§ Supplied entries:
>>>>>
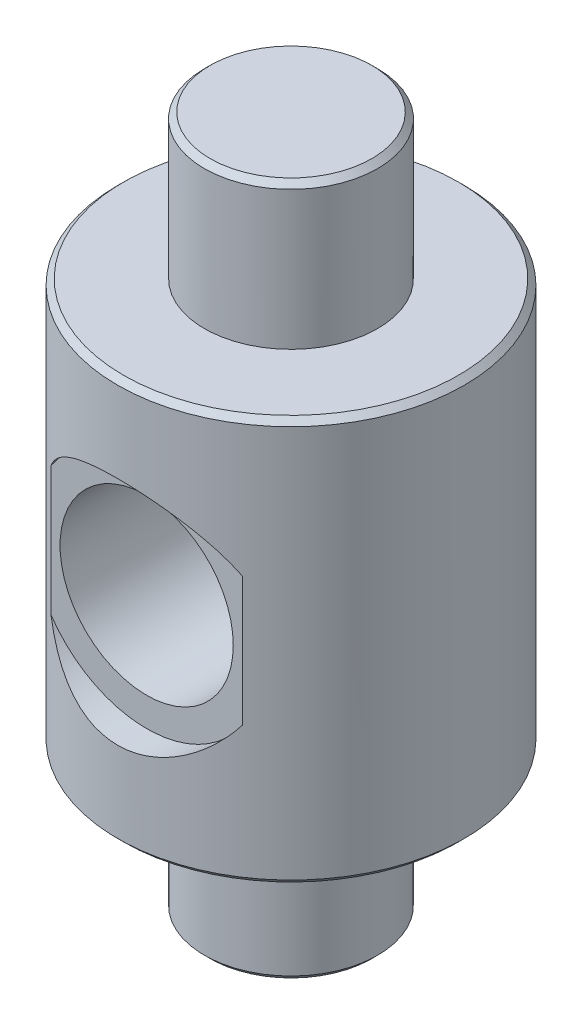
ISO-10303-21;
HEADER;
FILE_DESCRIPTION(('STEP AP214'),'2;1');
FILE_NAME('part.step','',(''),(''),'','','');
FILE_SCHEMA(('AUTOMOTIVE_DESIGN { 1 0 10303 214 1 1 1 1 }'));
ENDSEC;
DATA;
#1=APPLICATION_CONTEXT('core data for automotive mechanical design processes');
#2=APPLICATION_PROTOCOL_DEFINITION('international standard','automotive_design',2000,#1);
#3=PRODUCT_CONTEXT('',#1,'mechanical');
#4=PRODUCT('Part','Part','',(#3));
#5=PRODUCT_RELATED_PRODUCT_CATEGORY('part','',(#4));
#6=PRODUCT_DEFINITION_FORMATION('','',#4);
#7=PRODUCT_DEFINITION_CONTEXT('part definition',#1,'design');
#8=PRODUCT_DEFINITION('design','',#6,#7);
#9=PRODUCT_DEFINITION_SHAPE('','',#8);
#10=(LENGTH_UNIT() NAMED_UNIT(*) SI_UNIT(.MILLI.,.METRE.));
#11=(NAMED_UNIT(*) PLANE_ANGLE_UNIT() SI_UNIT($,.RADIAN.));
#12=(NAMED_UNIT(*) SI_UNIT($,.STERADIAN.) SOLID_ANGLE_UNIT());
#13=UNCERTAINTY_MEASURE_WITH_UNIT(LENGTH_MEASURE(1.E-05),#10,'distance_accuracy_value','');
#14=(GEOMETRIC_REPRESENTATION_CONTEXT(3) GLOBAL_UNCERTAINTY_ASSIGNED_CONTEXT((#13)) GLOBAL_UNIT_ASSIGNED_CONTEXT((#10,
#11,#12)) REPRESENTATION_CONTEXT('',''));
#15=CARTESIAN_POINT('',(0.,0.,0.));
#16=DIRECTION('',(0.,0.,1.));
#17=DIRECTION('',(1.,0.,0.));
#18=AXIS2_PLACEMENT_3D('',#15,#16,#17);
#19=CARTESIAN_POINT('',(0.,0.,0.));
#20=DIRECTION('',(0.,-1.,0.));
#21=DIRECTION('',(0.,0.,-1.));
#22=AXIS2_PLACEMENT_3D('',#19,#20,#21);
#23=CYLINDRICAL_SURFACE('',#22,3.);
#24=CARTESIAN_POINT('',(0.,2.6,0.));
#25=DIRECTION('',(0.,-1.,0.));
#26=DIRECTION('',(0.,0.,-1.));
#27=AXIS2_PLACEMENT_3D('',#24,#25,#26);
#28=CIRCLE('',#27,3.);
#29=CARTESIAN_POINT('',(0.,2.6,-3.));
#30=VERTEX_POINT('',#29);
#31=EDGE_CURVE('E113',#30,#30,#28,.F.);
#32=ORIENTED_EDGE('',*,*,#31,.T.);
#33=EDGE_LOOP('',(#32));
#34=FACE_BOUND('',#33,.T.);
#35=CARTESIAN_POINT('',(0.,9.4,0.));
#36=DIRECTION('',(0.,1.,0.));
#37=DIRECTION('',(0.,0.,1.));
#38=AXIS2_PLACEMENT_3D('',#35,#36,#37);
#39=CIRCLE('',#38,3.);
#40=CARTESIAN_POINT('',(0.,9.4,3.));
#41=VERTEX_POINT('',#40);
#42=EDGE_CURVE('E110',#41,#41,#39,.F.);
#43=ORIENTED_EDGE('',*,*,#42,.T.);
#44=EDGE_LOOP('',(#43));
#45=FACE_BOUND('',#44,.T.);
#46=CARTESIAN_POINT('',(-1.6583123951777,4.88196601125011,2.5));
#47=CARTESIAN_POINT('',(-1.62588041682893,4.83388174951264,2.52151479876285));
#48=CARTESIAN_POINT('',(-1.59147775995563,4.78734838879081,2.54342347636609));
#49=CARTESIAN_POINT('',(-1.51881718972826,4.69748455207734,2.5874697531549));
#50=CARTESIAN_POINT('',(-1.48055809930373,4.65415506101724,2.60960742037181));
#51=CARTESIAN_POINT('',(-1.35957897250648,4.52856680233055,2.67582114663101));
#52=CARTESIAN_POINT('',(-1.27112677213644,4.45140473959464,2.71937159504119));
#53=CARTESIAN_POINT('',(-1.08001742837921,4.31252958225246,2.80078430015006));
#54=CARTESIAN_POINT('',(-0.977318184431943,4.25086385700159,2.83862897767655));
#55=CARTESIAN_POINT('',(-0.760170773384896,4.14620224628185,2.90429124381123));
#56=CARTESIAN_POINT('',(-0.645766459364156,4.103139618855,2.93214461594087));
#57=CARTESIAN_POINT('',(-0.42245729889637,4.04211006134393,2.97201413865436));
#58=CARTESIAN_POINT('',(-0.314455876194935,4.02181009129021,2.98549347454722));
#59=CARTESIAN_POINT('',(-0.0957318708440063,3.99927723884014,3.00046894125686));
#60=CARTESIAN_POINT('',(0.0149896939065672,3.99703769834788,3.00196948813079));
#61=CARTESIAN_POINT('',(0.219788899237258,4.00983152656241,2.99345292695804));
#62=CARTESIAN_POINT('',(0.314087916632492,4.02256428894883,2.98496974119453));
#63=CARTESIAN_POINT('',(0.498831374402182,4.06091145766797,2.95970537418975));
#64=CARTESIAN_POINT('',(0.589276397828324,4.08652390793745,2.94292545299631));
#65=CARTESIAN_POINT('',(0.766037685544138,4.15008299698925,2.90199776264025));
#66=CARTESIAN_POINT('',(0.852235141290288,4.18826615536471,2.87770930064207));
#67=CARTESIAN_POINT('',(1.01715798189846,4.27544067615506,2.8236387306717));
#68=CARTESIAN_POINT('',(1.09587569901238,4.32444296225357,2.79385107537834));
#69=CARTESIAN_POINT('',(1.25565427239454,4.43974414257662,2.72615287516341));
#70=CARTESIAN_POINT('',(1.33541158103129,4.50751898370635,2.68769051048631));
#71=CARTESIAN_POINT('',(1.48295801527083,4.65403199592482,2.60917581519461));
#72=CARTESIAN_POINT('',(1.55076586541565,4.73275266247985,2.56912609477701));
#73=CARTESIAN_POINT('',(1.62799531219028,4.83795848005763,2.51991822969558));
#74=CARTESIAN_POINT('',(1.64336841165434,4.85980271753446,2.5099145043454));
#75=CARTESIAN_POINT('',(1.6583123951777,4.88196601125011,2.5));
#76=B_SPLINE_CURVE_WITH_KNOTS('',3,(#46,#47,#48,#49,#50,#51,#52,#53,#54,#55,#56,#57,#58,#59,#60,
#61,#62,#63,#64,#65,#66,#67,#68,#69,#70,#71,#72,#73,#74,#75),.UNSPECIFIED.,.F.,.F.,(4,2,2,2,2,2,
2,2,2,2,2,2,2,2,4),(0.,0.185463815245249,0.370984410633051,0.744697847347586,1.1195401269487,
1.49302619268151,1.82315350216072,2.1531591024743,2.43842427846838,2.72364614376402,
3.01457448418865,3.30579791879389,3.6390815214847,3.97183814013364,4.05738621739483),.UNSPECIFIED.);
#77=CARTESIAN_POINT('',(-1.6583123951777,4.88196601125011,2.5));
#78=VERTEX_POINT('',#77);
#79=CARTESIAN_POINT('',(1.6583123951777,4.88196601125011,2.5));
#80=VERTEX_POINT('',#79);
#81=EDGE_CURVE('E163',#78,#80,#76,.T.);
#82=ORIENTED_EDGE('',*,*,#81,.F.);
#83=DIRECTION('',(0.,-1.,0.));
#84=VECTOR('',#83,1.);
#85=CARTESIAN_POINT('',(-1.6583123951777,0.,2.5));
#86=LINE('',#85,#84);
#87=CARTESIAN_POINT('',(-1.6583123951777,7.11803398874989,2.5));
#88=VERTEX_POINT('',#87);
#89=EDGE_CURVE('E176',#78,#88,#86,.F.);
#90=ORIENTED_EDGE('',*,*,#89,.T.);
#91=CARTESIAN_POINT('',(1.6583123951777,7.11803398874989,2.5));
#92=CARTESIAN_POINT('',(1.62588041682893,7.16611825048736,2.52151479876285));
#93=CARTESIAN_POINT('',(1.59147775995563,7.21265161120919,2.54342347636609));
#94=CARTESIAN_POINT('',(1.51881718972826,7.30251544792266,2.5874697531549));
#95=CARTESIAN_POINT('',(1.48055809930373,7.34584493898276,2.60960742037181));
#96=CARTESIAN_POINT('',(1.35957897250648,7.47143319766945,2.67582114663101));
#97=CARTESIAN_POINT('',(1.27112677213644,7.54859526040536,2.71937159504119));
#98=CARTESIAN_POINT('',(1.08001742837921,7.68747041774754,2.80078430015006));
#99=CARTESIAN_POINT('',(0.977318184431943,7.74913614299841,2.83862897767655));
#100=CARTESIAN_POINT('',(0.760170773384897,7.85379775371815,2.90429124381123));
#101=CARTESIAN_POINT('',(0.645766459364157,7.896860381145,2.93214461594087));
#102=CARTESIAN_POINT('',(0.422457298896371,7.95788993865607,2.97201413865436));
#103=CARTESIAN_POINT('',(0.314455876194935,7.97818990870978,2.98549347454722));
#104=CARTESIAN_POINT('',(0.0957318708440068,8.00072276115986,3.00046894125686));
#105=CARTESIAN_POINT('',(-0.0149896939065668,8.00296230165212,3.00196948813079));
#106=CARTESIAN_POINT('',(-0.219788899237258,7.9901684734376,2.99345292695804));
#107=CARTESIAN_POINT('',(-0.314087916632492,7.97743571105117,2.98496974119453));
#108=CARTESIAN_POINT('',(-0.498831374402183,7.93908854233203,2.95970537418975));
#109=CARTESIAN_POINT('',(-0.589276397828325,7.91347609206255,2.94292545299631));
#110=CARTESIAN_POINT('',(-0.766037685544138,7.84991700301075,2.90199776264025));
#111=CARTESIAN_POINT('',(-0.852235141290288,7.81173384463529,2.87770930064207));
#112=CARTESIAN_POINT('',(-1.01715798189846,7.72455932384494,2.8236387306717));
#113=CARTESIAN_POINT('',(-1.09587569901238,7.67555703774643,2.79385107537834));
#114=CARTESIAN_POINT('',(-1.25565427239454,7.56025585742338,2.72615287516341));
#115=CARTESIAN_POINT('',(-1.33541158103129,7.49248101629365,2.68769051048631));
#116=CARTESIAN_POINT('',(-1.48295801527083,7.34596800407518,2.60917581519461));
#117=CARTESIAN_POINT('',(-1.55076586541565,7.26724733752015,2.56912609477701));
#118=CARTESIAN_POINT('',(-1.62799531219028,7.16204151994237,2.51991822969558));
#119=CARTESIAN_POINT('',(-1.64336841165434,7.14019728246554,2.5099145043454));
#120=CARTESIAN_POINT('',(-1.6583123951777,7.11803398874989,2.5));
#121=B_SPLINE_CURVE_WITH_KNOTS('',3,(#91,#92,#93,#94,#95,#96,#97,#98,#99,#100,#101,#102,#103,
#104,#105,#106,#107,#108,#109,#110,#111,#112,#113,#114,#115,#116,#117,#118,#119,#120),
.UNSPECIFIED.,.F.,.F.,(4,2,2,2,2,2,2,2,2,2,2,2,2,2,4),(0.,0.185463815245249,0.370984410633051,
0.744697847347586,1.1195401269487,1.49302619268151,1.82315350216072,2.1531591024743,
2.43842427846838,2.72364614376402,3.01457448418865,3.30579791879389,3.6390815214847,
3.97183814013364,4.05738621739483),.UNSPECIFIED.);
#122=CARTESIAN_POINT('',(1.6583123951777,7.11803398874989,2.5));
#123=VERTEX_POINT('',#122);
#124=EDGE_CURVE('E154',#123,#88,#121,.T.);
#125=ORIENTED_EDGE('',*,*,#124,.F.);
#126=DIRECTION('',(0.,-1.,0.));
#127=VECTOR('',#126,1.);
#128=CARTESIAN_POINT('',(1.6583123951777,0.,2.5));
#129=LINE('',#128,#127);
#130=EDGE_CURVE('E340',#123,#80,#129,.T.);
#131=ORIENTED_EDGE('',*,*,#130,.T.);
#132=EDGE_LOOP('',(#82,#90,#125,#131));
#133=FACE_BOUND('',#132,.T.);
#134=DIRECTION('',(0.,-1.,0.));
#135=VECTOR('',#134,1.);
#136=CARTESIAN_POINT('',(1.6583123951777,0.,-2.5));
#137=LINE('',#136,#135);
#138=CARTESIAN_POINT('',(1.6583123951777,4.88196601125011,-2.5));
#139=VERTEX_POINT('',#138);
#140=CARTESIAN_POINT('',(1.6583123951777,7.11803398874989,-2.5));
#141=VERTEX_POINT('',#140);
#142=EDGE_CURVE('E91',#139,#141,#137,.F.);
#143=ORIENTED_EDGE('',*,*,#142,.T.);
#144=CARTESIAN_POINT('',(1.6583123951777,7.11803398874989,-2.5));
#145=CARTESIAN_POINT('',(1.62588041682893,7.16611825048736,-2.52151479876285));
#146=CARTESIAN_POINT('',(1.59147775995563,7.21265161120919,-2.54342347636609));
#147=CARTESIAN_POINT('',(1.51881718972826,7.30251544792266,-2.5874697531549));
#148=CARTESIAN_POINT('',(1.48055809930373,7.34584493898276,-2.60960742037181));
#149=CARTESIAN_POINT('',(1.35957897250648,7.47143319766945,-2.67582114663101));
#150=CARTESIAN_POINT('',(1.27112677213644,7.54859526040536,-2.71937159504119));
#151=CARTESIAN_POINT('',(1.08001742837921,7.68747041774754,-2.80078430015006));
#152=CARTESIAN_POINT('',(0.977318184431943,7.74913614299841,-2.83862897767655));
#153=CARTESIAN_POINT('',(0.760170773384897,7.85379775371815,-2.90429124381123));
#154=CARTESIAN_POINT('',(0.645766459364157,7.896860381145,-2.93214461594087));
#155=CARTESIAN_POINT('',(0.422457298896371,7.95788993865607,-2.97201413865436));
#156=CARTESIAN_POINT('',(0.314455876194935,7.97818990870978,-2.98549347454722));
#157=CARTESIAN_POINT('',(0.0957318708440068,8.00072276115986,-3.00046894125686));
#158=CARTESIAN_POINT('',(-0.0149896939065668,8.00296230165212,-3.00196948813079));
#159=CARTESIAN_POINT('',(-0.219788899237258,7.9901684734376,-2.99345292695804));
#160=CARTESIAN_POINT('',(-0.314087916632492,7.97743571105117,-2.98496974119453));
#161=CARTESIAN_POINT('',(-0.498831374402183,7.93908854233203,-2.95970537418975));
#162=CARTESIAN_POINT('',(-0.589276397828325,7.91347609206255,-2.94292545299631));
#163=CARTESIAN_POINT('',(-0.766037685544138,7.84991700301075,-2.90199776264025));
#164=CARTESIAN_POINT('',(-0.852235141290288,7.81173384463529,-2.87770930064207));
#165=CARTESIAN_POINT('',(-1.01715798189846,7.72455932384494,-2.8236387306717));
#166=CARTESIAN_POINT('',(-1.09587569901238,7.67555703774643,-2.79385107537834));
#167=CARTESIAN_POINT('',(-1.25565427239454,7.56025585742338,-2.72615287516341));
#168=CARTESIAN_POINT('',(-1.33541158103129,7.49248101629365,-2.68769051048631));
#169=CARTESIAN_POINT('',(-1.48295801527083,7.34596800407518,-2.60917581519461));
#170=CARTESIAN_POINT('',(-1.55076586541565,7.26724733752015,-2.56912609477701));
#171=CARTESIAN_POINT('',(-1.62799531219028,7.16204151994237,-2.51991822969558));
#172=CARTESIAN_POINT('',(-1.64336841165434,7.14019728246554,-2.5099145043454));
#173=CARTESIAN_POINT('',(-1.6583123951777,7.11803398874989,-2.5));
#174=B_SPLINE_CURVE_WITH_KNOTS('',3,(#144,#145,#146,#147,#148,#149,#150,#151,#152,#153,#154,
#155,#156,#157,#158,#159,#160,#161,#162,#163,#164,#165,#166,#167,#168,#169,#170,#171,#172,#173),
.UNSPECIFIED.,.F.,.F.,(4,2,2,2,2,2,2,2,2,2,2,2,2,2,4),(0.,0.185463815245249,0.370984410633051,
0.744697847347586,1.1195401269487,1.49302619268151,1.82315350216072,2.1531591024743,
2.43842427846838,2.72364614376402,3.01457448418865,3.30579791879389,3.6390815214847,
3.97183814013364,4.05738621739483),.UNSPECIFIED.);
#175=CARTESIAN_POINT('',(-1.6583123951777,7.11803398874989,-2.5));
#176=VERTEX_POINT('',#175);
#177=EDGE_CURVE('E80',#141,#176,#174,.T.);
#178=ORIENTED_EDGE('',*,*,#177,.T.);
#179=DIRECTION('',(0.,-1.,0.));
#180=VECTOR('',#179,1.);
#181=CARTESIAN_POINT('',(-1.6583123951777,0.,-2.5));
#182=LINE('',#181,#180);
#183=CARTESIAN_POINT('',(-1.6583123951777,4.88196601125011,-2.5));
#184=VERTEX_POINT('',#183);
#185=EDGE_CURVE('E87',#176,#184,#182,.T.);
#186=ORIENTED_EDGE('',*,*,#185,.T.);
#187=CARTESIAN_POINT('',(-1.6583123951777,4.88196601125011,-2.5));
#188=CARTESIAN_POINT('',(-1.62588041682893,4.83388174951264,-2.52151479876285));
#189=CARTESIAN_POINT('',(-1.59147775995563,4.78734838879081,-2.54342347636609));
#190=CARTESIAN_POINT('',(-1.51881718972826,4.69748455207734,-2.5874697531549));
#191=CARTESIAN_POINT('',(-1.48055809930373,4.65415506101724,-2.60960742037181));
#192=CARTESIAN_POINT('',(-1.35957897250648,4.52856680233055,-2.67582114663101));
#193=CARTESIAN_POINT('',(-1.27112677213644,4.45140473959464,-2.71937159504119));
#194=CARTESIAN_POINT('',(-1.08001742837921,4.31252958225246,-2.80078430015006));
#195=CARTESIAN_POINT('',(-0.977318184431943,4.25086385700159,-2.83862897767655));
#196=CARTESIAN_POINT('',(-0.760170773384896,4.14620224628185,-2.90429124381123));
#197=CARTESIAN_POINT('',(-0.645766459364156,4.103139618855,-2.93214461594087));
#198=CARTESIAN_POINT('',(-0.42245729889637,4.04211006134393,-2.97201413865436));
#199=CARTESIAN_POINT('',(-0.314455876194935,4.02181009129021,-2.98549347454722));
#200=CARTESIAN_POINT('',(-0.0957318708440063,3.99927723884014,-3.00046894125686));
#201=CARTESIAN_POINT('',(0.0149896939065672,3.99703769834788,-3.00196948813079));
#202=CARTESIAN_POINT('',(0.219788899237258,4.00983152656241,-2.99345292695804));
#203=CARTESIAN_POINT('',(0.314087916632492,4.02256428894883,-2.98496974119453));
#204=CARTESIAN_POINT('',(0.498831374402182,4.06091145766797,-2.95970537418975));
#205=CARTESIAN_POINT('',(0.589276397828324,4.08652390793745,-2.94292545299631));
#206=CARTESIAN_POINT('',(0.766037685544138,4.15008299698925,-2.90199776264025));
#207=CARTESIAN_POINT('',(0.852235141290288,4.18826615536471,-2.87770930064207));
#208=CARTESIAN_POINT('',(1.01715798189846,4.27544067615506,-2.8236387306717));
#209=CARTESIAN_POINT('',(1.09587569901238,4.32444296225357,-2.79385107537834));
#210=CARTESIAN_POINT('',(1.25565427239454,4.43974414257662,-2.72615287516341));
#211=CARTESIAN_POINT('',(1.33541158103129,4.50751898370635,-2.68769051048631));
#212=CARTESIAN_POINT('',(1.48295801527083,4.65403199592482,-2.60917581519461));
#213=CARTESIAN_POINT('',(1.55076586541565,4.73275266247985,-2.56912609477701));
#214=CARTESIAN_POINT('',(1.62799531219028,4.83795848005763,-2.51991822969558));
#215=CARTESIAN_POINT('',(1.64336841165434,4.85980271753446,-2.5099145043454));
#216=CARTESIAN_POINT('',(1.6583123951777,4.88196601125011,-2.5));
#217=B_SPLINE_CURVE_WITH_KNOTS('',3,(#187,#188,#189,#190,#191,#192,#193,#194,#195,#196,#197,
#198,#199,#200,#201,#202,#203,#204,#205,#206,#207,#208,#209,#210,#211,#212,#213,#214,#215,#216),
.UNSPECIFIED.,.F.,.F.,(4,2,2,2,2,2,2,2,2,2,2,2,2,2,4),(0.,0.185463815245249,0.370984410633051,
0.744697847347586,1.1195401269487,1.49302619268151,1.82315350216072,2.1531591024743,
2.43842427846838,2.72364614376402,3.01457448418865,3.30579791879389,3.6390815214847,
3.97183814013364,4.05738621739483),.UNSPECIFIED.);
#218=EDGE_CURVE('E50',#184,#139,#217,.T.);
#219=ORIENTED_EDGE('',*,*,#218,.T.);
#220=EDGE_LOOP('',(#143,#178,#186,#219));
#221=FACE_BOUND('',#220,.T.);
#222=ADVANCED_FACE('F35',(#34,#45,#133,#221),#23,.T.);
#223=CARTESIAN_POINT('',(1.5,0.,0.));
#224=DIRECTION('',(0.,-1.,0.));
#225=DIRECTION('',(0.,0.,-1.));
#226=AXIS2_PLACEMENT_3D('',#223,#224,#225);
#227=PLANE('',#226);
#228=CARTESIAN_POINT('',(0.,0.,0.));
#229=DIRECTION('',(0.,-1.,0.));
#230=DIRECTION('',(0.,0.,-1.));
#231=AXIS2_PLACEMENT_3D('',#228,#229,#230);
#232=CIRCLE('',#231,1.4);
#233=CARTESIAN_POINT('',(0.,0.,-1.4));
#234=VERTEX_POINT('',#233);
#235=EDGE_CURVE('E94',#234,#234,#232,.T.);
#236=ORIENTED_EDGE('',*,*,#235,.T.);
#237=EDGE_LOOP('',(#236));
#238=FACE_BOUND('',#237,.T.);
#239=ADVANCED_FACE('F134',(#238),#227,.T.);
#240=CARTESIAN_POINT('',(0.,12.,0.));
#241=DIRECTION('',(0.,1.,0.));
#242=DIRECTION('',(0.,0.,1.));
#243=AXIS2_PLACEMENT_3D('',#240,#241,#242);
#244=PLANE('',#243);
#245=CARTESIAN_POINT('',(0.,12.,0.));
#246=DIRECTION('',(0.,1.,0.));
#247=DIRECTION('',(0.,0.,1.));
#248=AXIS2_PLACEMENT_3D('',#245,#246,#247);
#249=CIRCLE('',#248,1.4);
#250=CARTESIAN_POINT('',(0.,12.,1.4));
#251=VERTEX_POINT('',#250);
#252=EDGE_CURVE('E11',#251,#251,#249,.T.);
#253=ORIENTED_EDGE('',*,*,#252,.T.);
#254=EDGE_LOOP('',(#253));
#255=FACE_BOUND('',#254,.T.);
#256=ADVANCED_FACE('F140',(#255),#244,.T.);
<<<<<
§ Exercise:
Lines from the start of the material through the line containing "#11=(NAMED_UNIT(*) PLANE_ANGLE_UNIT() SI_UNIT($,.RADIAN.));" are to be restated word for word; no picture may be included.

§ Solution to this task:
ISO-10303-21;
HEADER;
FILE_DESCRIPTION(('STEP AP214'),'2;1');
FILE_NAME('part.step','',(''),(''),'','','');
FILE_SCHEMA(('AUTOMOTIVE_DESIGN { 1 0 10303 214 1 1 1 1 }'));
ENDSEC;
DATA;
#1=APPLICATION_CONTEXT('core data for automotive mechanical design processes');
#2=APPLICATION_PROTOCOL_DEFINITION('international standard','automotive_design',2000,#1);
#3=PRODUCT_CONTEXT('',#1,'mechanical');
#4=PRODUCT('Part','Part','',(#3));
#5=PRODUCT_RELATED_PRODUCT_CATEGORY('part','',(#4));
#6=PRODUCT_DEFINITION_FORMATION('','',#4);
#7=PRODUCT_DEFINITION_CONTEXT('part definition',#1,'design');
#8=PRODUCT_DEFINITION('design','',#6,#7);
#9=PRODUCT_DEFINITION_SHAPE('','',#8);
#10=(LENGTH_UNIT() NAMED_UNIT(*) SI_UNIT(.MILLI.,.METRE.));
#11=(NAMED_UNIT(*) PLANE_ANGLE_UNIT() SI_UNIT($,.RADIAN.));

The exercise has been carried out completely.